# 9.1-RELEASE packages



## thethirdnut (Jan 5, 2013)

Forgive my ignorance please, but is it just a timing issue with the lack of the 'ftp://ftp.freebsd.org/pub/FreeBSD/ports/amd64/packages-9.1-release/Latest/' branch?

Does this typically get created sometime after a new RELEASE and its just not yet present hence all current 'pkg_add -r <package>' currently fails?
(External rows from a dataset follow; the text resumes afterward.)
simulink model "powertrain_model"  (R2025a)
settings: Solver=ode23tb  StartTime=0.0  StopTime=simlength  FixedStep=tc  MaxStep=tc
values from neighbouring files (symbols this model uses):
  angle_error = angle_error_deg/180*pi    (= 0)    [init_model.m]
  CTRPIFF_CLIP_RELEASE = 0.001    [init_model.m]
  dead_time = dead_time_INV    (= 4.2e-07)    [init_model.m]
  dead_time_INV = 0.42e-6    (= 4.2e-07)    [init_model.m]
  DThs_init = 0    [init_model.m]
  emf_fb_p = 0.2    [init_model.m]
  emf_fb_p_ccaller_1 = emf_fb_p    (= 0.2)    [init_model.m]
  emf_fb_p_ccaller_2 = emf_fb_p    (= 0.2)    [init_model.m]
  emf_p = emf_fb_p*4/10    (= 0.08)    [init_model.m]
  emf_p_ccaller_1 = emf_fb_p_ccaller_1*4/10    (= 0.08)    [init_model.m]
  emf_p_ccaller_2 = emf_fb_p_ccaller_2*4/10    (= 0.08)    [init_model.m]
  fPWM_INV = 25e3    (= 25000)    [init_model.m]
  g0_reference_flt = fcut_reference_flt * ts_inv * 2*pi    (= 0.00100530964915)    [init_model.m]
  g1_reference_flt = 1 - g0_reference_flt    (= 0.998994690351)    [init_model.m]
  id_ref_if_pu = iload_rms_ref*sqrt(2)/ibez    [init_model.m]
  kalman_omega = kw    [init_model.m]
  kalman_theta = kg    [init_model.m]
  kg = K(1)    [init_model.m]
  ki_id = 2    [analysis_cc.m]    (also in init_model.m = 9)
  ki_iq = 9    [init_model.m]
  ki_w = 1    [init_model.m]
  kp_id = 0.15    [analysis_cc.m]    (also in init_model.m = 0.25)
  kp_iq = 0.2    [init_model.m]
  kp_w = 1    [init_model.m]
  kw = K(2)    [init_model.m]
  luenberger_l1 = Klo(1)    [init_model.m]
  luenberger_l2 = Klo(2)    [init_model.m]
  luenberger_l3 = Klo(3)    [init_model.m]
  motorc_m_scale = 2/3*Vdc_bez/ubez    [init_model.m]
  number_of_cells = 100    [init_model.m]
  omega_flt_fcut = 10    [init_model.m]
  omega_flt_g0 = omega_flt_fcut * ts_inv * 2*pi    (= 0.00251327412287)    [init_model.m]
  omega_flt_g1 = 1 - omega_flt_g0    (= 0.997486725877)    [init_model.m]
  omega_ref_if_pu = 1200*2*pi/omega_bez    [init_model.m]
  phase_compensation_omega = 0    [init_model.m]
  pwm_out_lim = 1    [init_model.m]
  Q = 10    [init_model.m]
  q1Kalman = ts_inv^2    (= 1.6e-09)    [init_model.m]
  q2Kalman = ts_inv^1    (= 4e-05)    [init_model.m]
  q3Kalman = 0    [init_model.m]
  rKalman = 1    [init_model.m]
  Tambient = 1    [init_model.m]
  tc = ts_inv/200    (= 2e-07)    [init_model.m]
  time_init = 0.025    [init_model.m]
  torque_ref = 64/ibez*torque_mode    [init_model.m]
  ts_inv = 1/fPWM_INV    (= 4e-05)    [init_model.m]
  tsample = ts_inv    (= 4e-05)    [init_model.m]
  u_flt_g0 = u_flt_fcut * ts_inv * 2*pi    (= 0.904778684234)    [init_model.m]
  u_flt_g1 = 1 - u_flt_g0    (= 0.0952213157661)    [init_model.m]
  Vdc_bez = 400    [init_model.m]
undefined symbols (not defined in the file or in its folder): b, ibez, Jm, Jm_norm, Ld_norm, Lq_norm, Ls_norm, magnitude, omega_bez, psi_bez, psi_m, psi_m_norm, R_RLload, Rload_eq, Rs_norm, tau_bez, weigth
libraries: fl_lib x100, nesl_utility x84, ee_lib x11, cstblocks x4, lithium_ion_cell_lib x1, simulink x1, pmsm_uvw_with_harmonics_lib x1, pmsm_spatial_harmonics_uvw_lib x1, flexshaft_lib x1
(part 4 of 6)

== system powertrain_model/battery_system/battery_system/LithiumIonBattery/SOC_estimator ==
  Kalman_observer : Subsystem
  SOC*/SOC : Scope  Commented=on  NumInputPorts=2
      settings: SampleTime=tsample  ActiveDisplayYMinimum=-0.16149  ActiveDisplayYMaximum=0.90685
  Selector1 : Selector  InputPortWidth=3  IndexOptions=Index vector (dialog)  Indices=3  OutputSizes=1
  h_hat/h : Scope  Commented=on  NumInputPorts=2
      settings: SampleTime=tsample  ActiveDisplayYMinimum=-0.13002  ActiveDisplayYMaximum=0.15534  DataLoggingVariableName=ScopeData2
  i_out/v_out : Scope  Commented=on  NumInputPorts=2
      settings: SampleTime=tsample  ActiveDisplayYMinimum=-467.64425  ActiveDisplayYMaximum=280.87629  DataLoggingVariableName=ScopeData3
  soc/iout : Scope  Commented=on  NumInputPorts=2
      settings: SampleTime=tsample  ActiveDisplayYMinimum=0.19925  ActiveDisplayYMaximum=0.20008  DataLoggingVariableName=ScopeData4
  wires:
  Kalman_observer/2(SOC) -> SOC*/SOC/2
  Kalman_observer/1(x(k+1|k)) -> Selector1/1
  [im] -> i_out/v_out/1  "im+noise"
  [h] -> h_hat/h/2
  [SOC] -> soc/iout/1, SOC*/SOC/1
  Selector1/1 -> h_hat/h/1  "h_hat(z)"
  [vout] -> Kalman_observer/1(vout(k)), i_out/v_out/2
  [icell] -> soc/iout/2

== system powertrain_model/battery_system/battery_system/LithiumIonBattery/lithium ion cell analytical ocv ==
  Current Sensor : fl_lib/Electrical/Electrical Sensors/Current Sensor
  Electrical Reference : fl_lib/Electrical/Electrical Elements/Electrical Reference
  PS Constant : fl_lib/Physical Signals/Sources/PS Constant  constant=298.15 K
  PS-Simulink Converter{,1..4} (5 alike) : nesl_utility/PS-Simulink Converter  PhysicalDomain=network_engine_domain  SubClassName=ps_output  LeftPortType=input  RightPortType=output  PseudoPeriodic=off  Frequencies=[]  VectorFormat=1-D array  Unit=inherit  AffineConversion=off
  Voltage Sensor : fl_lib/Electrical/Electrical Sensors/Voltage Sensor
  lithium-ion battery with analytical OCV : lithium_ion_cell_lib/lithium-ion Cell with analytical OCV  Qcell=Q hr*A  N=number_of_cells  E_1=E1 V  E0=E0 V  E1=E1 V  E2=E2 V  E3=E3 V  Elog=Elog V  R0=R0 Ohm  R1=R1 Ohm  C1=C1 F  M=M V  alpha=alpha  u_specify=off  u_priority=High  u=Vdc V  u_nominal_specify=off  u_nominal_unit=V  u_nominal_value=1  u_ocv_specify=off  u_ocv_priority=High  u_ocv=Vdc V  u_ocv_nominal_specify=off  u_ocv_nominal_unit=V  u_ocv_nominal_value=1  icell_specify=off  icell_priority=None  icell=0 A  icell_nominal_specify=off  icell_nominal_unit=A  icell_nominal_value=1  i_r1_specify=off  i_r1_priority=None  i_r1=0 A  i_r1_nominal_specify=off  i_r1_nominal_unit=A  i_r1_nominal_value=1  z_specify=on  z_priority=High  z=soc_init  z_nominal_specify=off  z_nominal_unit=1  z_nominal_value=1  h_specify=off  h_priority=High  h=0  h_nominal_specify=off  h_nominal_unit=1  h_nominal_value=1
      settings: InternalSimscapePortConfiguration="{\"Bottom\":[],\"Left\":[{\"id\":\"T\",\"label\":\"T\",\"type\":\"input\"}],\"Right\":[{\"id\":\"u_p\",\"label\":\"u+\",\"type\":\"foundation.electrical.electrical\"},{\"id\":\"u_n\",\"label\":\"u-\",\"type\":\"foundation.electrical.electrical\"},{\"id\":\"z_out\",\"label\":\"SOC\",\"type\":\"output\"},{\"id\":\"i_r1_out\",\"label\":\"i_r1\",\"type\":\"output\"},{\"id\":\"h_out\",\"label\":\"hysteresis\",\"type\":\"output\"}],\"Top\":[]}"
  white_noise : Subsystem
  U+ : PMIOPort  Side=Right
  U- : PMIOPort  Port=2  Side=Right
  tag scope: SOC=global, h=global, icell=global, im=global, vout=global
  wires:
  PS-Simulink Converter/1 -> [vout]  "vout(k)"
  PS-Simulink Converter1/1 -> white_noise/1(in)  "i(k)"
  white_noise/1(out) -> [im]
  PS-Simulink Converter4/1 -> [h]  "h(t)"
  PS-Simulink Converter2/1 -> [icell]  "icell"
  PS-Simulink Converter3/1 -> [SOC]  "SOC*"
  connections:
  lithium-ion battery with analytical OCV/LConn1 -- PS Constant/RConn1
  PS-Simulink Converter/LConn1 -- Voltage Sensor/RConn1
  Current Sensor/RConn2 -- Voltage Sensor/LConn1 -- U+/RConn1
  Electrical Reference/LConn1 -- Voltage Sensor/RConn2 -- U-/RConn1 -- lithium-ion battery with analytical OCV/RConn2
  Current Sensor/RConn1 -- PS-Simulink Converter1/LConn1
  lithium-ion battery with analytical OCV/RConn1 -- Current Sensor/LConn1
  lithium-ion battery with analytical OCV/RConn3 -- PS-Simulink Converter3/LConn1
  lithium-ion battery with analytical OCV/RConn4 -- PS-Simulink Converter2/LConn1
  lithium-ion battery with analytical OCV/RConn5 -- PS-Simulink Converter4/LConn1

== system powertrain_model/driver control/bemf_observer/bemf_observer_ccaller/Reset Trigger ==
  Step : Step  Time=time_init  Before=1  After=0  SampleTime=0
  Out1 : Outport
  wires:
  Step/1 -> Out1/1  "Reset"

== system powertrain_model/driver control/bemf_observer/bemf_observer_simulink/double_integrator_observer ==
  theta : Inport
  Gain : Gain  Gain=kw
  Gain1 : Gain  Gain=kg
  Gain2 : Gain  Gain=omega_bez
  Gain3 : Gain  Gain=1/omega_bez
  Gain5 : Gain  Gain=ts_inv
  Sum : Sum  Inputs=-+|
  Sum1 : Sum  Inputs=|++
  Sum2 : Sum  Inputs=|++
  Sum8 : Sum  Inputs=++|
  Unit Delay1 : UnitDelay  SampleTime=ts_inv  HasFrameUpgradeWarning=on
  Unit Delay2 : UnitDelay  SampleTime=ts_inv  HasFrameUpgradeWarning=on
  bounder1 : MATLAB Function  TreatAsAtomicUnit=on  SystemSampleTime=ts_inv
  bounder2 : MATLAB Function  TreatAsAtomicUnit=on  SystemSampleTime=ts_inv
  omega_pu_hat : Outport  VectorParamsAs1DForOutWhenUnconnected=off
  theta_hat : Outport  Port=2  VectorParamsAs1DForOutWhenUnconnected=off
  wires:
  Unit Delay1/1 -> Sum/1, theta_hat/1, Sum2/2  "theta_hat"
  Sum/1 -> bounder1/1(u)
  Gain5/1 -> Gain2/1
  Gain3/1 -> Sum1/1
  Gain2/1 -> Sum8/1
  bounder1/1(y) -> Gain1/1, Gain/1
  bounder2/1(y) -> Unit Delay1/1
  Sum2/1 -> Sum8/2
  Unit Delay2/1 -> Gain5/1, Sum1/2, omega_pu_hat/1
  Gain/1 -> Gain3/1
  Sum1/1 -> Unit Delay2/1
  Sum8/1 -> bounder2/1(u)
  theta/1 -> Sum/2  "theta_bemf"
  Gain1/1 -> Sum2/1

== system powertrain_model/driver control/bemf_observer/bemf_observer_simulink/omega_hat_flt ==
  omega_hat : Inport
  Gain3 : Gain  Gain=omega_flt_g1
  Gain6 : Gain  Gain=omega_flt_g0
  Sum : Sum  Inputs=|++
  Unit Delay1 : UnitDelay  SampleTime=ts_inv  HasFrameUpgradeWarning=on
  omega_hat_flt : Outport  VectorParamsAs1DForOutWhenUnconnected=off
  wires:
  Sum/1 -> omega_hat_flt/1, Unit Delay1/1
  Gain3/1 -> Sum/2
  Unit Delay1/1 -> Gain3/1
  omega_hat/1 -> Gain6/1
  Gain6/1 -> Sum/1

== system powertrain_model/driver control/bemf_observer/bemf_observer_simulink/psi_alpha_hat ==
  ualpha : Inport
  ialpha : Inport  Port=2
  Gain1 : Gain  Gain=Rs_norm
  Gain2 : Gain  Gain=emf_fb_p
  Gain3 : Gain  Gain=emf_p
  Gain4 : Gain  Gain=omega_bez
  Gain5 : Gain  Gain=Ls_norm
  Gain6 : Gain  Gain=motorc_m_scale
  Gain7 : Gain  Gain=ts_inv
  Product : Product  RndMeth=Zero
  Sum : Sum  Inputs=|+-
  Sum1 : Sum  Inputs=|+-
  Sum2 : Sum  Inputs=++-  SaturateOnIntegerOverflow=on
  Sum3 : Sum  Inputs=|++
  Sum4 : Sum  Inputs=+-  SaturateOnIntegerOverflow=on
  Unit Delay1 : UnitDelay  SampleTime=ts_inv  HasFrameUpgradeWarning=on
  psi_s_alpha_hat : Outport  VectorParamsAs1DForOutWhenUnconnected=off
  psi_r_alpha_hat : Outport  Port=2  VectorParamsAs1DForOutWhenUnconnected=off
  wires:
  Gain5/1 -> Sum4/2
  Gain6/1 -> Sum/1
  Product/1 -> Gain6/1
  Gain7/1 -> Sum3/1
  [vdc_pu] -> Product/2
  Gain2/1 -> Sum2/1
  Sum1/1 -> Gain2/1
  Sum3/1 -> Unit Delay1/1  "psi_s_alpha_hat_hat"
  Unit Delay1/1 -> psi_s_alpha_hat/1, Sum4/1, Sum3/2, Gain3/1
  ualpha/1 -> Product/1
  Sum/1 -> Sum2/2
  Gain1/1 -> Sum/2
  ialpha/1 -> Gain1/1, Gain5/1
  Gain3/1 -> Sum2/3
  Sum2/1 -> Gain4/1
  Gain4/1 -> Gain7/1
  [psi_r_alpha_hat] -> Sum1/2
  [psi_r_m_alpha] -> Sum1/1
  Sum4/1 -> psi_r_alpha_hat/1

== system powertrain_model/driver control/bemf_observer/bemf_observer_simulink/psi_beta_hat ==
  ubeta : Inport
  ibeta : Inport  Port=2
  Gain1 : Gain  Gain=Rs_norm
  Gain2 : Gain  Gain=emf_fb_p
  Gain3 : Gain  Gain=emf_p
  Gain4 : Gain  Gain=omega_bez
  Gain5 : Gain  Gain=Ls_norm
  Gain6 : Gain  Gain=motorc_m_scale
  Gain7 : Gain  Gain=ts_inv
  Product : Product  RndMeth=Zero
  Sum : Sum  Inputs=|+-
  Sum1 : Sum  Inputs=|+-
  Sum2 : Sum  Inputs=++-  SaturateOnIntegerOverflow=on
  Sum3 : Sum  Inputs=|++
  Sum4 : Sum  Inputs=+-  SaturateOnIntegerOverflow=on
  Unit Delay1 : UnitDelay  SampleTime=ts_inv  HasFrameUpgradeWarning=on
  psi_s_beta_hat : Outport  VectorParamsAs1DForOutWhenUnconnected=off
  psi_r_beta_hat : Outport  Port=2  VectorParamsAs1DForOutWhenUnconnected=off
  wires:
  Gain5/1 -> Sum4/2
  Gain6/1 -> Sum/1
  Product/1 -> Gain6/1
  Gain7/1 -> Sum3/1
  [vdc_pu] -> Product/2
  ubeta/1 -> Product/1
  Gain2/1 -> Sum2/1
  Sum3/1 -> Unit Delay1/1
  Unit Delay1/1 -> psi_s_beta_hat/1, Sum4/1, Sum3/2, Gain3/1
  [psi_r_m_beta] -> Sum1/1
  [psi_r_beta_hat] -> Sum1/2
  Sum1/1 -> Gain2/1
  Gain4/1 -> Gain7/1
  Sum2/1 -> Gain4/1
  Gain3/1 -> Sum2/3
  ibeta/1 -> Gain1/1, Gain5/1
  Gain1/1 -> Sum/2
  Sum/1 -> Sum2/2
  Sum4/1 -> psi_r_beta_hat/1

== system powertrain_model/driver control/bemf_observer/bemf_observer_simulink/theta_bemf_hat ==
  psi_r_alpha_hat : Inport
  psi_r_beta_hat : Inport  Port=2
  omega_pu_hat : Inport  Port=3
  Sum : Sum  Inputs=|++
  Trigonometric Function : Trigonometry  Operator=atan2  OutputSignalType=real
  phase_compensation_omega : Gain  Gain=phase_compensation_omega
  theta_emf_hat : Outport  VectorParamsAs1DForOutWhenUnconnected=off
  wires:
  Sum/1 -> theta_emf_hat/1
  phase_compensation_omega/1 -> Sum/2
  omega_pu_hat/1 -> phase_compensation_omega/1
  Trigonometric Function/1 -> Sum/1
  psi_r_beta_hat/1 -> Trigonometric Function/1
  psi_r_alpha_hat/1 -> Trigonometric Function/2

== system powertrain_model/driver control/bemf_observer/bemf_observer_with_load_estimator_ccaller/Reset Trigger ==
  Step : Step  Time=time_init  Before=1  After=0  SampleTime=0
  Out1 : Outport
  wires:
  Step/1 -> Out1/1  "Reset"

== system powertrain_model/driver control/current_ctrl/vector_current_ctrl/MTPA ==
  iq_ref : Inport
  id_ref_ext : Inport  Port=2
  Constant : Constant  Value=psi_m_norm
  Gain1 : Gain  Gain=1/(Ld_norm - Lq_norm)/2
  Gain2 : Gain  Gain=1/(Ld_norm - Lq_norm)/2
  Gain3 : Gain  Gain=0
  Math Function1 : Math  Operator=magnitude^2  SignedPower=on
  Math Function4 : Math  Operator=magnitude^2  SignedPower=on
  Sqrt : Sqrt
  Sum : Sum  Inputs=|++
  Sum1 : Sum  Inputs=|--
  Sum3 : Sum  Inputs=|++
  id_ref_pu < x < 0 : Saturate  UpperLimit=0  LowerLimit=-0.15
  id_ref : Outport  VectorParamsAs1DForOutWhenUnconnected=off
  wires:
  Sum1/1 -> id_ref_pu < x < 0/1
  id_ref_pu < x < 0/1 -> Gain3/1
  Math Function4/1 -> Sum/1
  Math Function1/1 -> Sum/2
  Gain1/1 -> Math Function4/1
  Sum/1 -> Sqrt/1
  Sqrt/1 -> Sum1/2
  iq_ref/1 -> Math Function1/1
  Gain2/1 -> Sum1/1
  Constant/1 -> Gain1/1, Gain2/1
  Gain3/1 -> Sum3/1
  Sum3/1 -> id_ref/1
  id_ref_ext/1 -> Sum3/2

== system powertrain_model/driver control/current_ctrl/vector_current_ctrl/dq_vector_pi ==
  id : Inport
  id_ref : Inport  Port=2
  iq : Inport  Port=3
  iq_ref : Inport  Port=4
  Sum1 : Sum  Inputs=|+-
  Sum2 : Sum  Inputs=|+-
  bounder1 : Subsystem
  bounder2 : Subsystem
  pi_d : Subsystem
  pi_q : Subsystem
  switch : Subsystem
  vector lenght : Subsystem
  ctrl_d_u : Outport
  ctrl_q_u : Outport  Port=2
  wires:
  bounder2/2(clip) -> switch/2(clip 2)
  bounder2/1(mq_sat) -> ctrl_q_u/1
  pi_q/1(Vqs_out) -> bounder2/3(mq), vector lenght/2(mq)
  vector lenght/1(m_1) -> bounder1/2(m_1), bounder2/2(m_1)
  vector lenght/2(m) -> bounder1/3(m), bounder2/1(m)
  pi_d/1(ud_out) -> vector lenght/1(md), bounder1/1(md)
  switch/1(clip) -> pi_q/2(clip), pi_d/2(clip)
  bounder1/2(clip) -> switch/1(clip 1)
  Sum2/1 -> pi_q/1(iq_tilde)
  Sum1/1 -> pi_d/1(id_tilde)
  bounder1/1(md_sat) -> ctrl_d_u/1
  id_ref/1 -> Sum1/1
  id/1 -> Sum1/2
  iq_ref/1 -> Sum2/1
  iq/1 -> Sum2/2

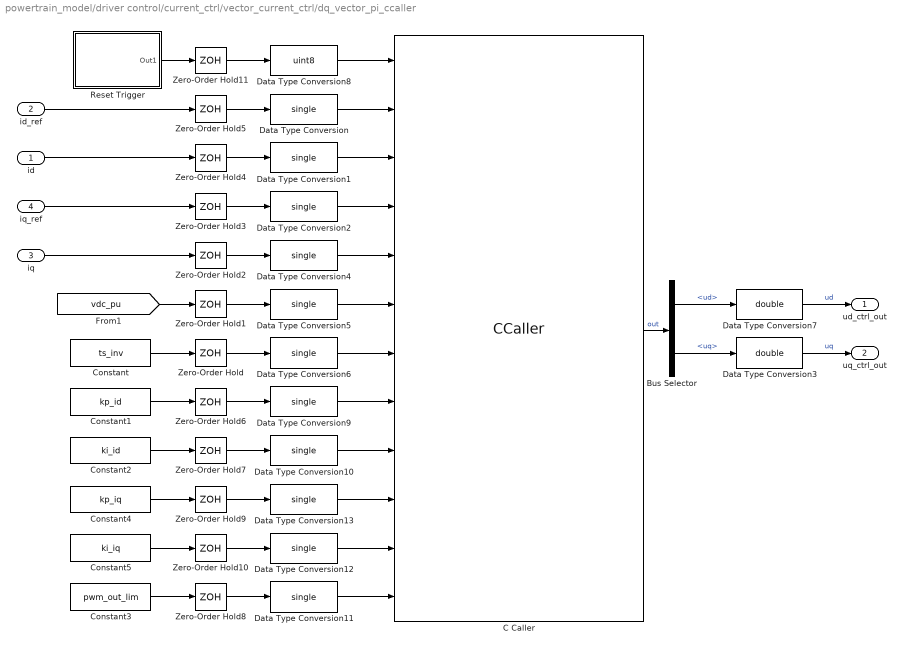
== system powertrain_model/driver control/current_ctrl/vector_current_ctrl/dq_vector_pi_ccaller ==
  id : Inport
  id_ref : Inport  Port=2
  iq : Inport  Port=3
  iq_ref : Inport  Port=4
  Bus Selector : BusSelector  OutputSignals=ud,uq
  C Caller : CCaller  FunctionName=dqvector_pi_process_simulink  PortSpecificationStruct="%)30     .    ,!8   8    (     @         %    \"     T    !     0         %  0 \"0    $    _    07)G3F%M90  4&]R=$YA;64 4V-O<&4     26YD97@     5'EP90      4VEZ90      27-';&]B86P   X    P    !@    @    $          4    (     0    ,    !         !   P!O=70 #@   #     &    \"     0         !0    @    !     P    $         $  # &]U=  .    .     8    (    !          %    \"     $    &     0         0   ...(+7280 chars)"  SampleTime=ts_inv
  Constant : Constant  Value=ts_inv
  Constant1 : Constant  Value=kp_id
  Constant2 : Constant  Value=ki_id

Don't take this as a complaint - I'm just curious how this typically works in the FreeBSD-world.

TIA


----------



## trh411 (Jan 5, 2013)

You need to read the Release Notes:

_Due to the security incident reported here:

http://www.FreeBSD.org/news/2012-compromise.html

only the small third-party package set on the DVD image is available at this time for users who require pre-built packages (just GNOME and KDE windowing systems). The FreeBSD Project's package building infrastructure is undergoing a complete review and redesign. At this time we can not commit to a date the full release package set will become available. A separate announcement will be made when that becomes available. If you wish to install 9.1-RELEASE now you can build your own packages using portsnap(8) to obtain an up to date ports tree and then build the packages. If you require pre-built packages you should wait for the announcement of the full release package set becoming available._


----------



## thethirdnut (Jan 5, 2013)

Missed that part - thanks.

So with a typical release then would the binary package set be more or less immediately available after the RELEASE?


----------



## Beastie (Jan 5, 2013)

Yes, they usually are. Many essential packages are also normally included in the DVD. This time only some of them were.

As the document says, and as an alternative to building everything yourself, you can use the 9-STABLE repository.


----------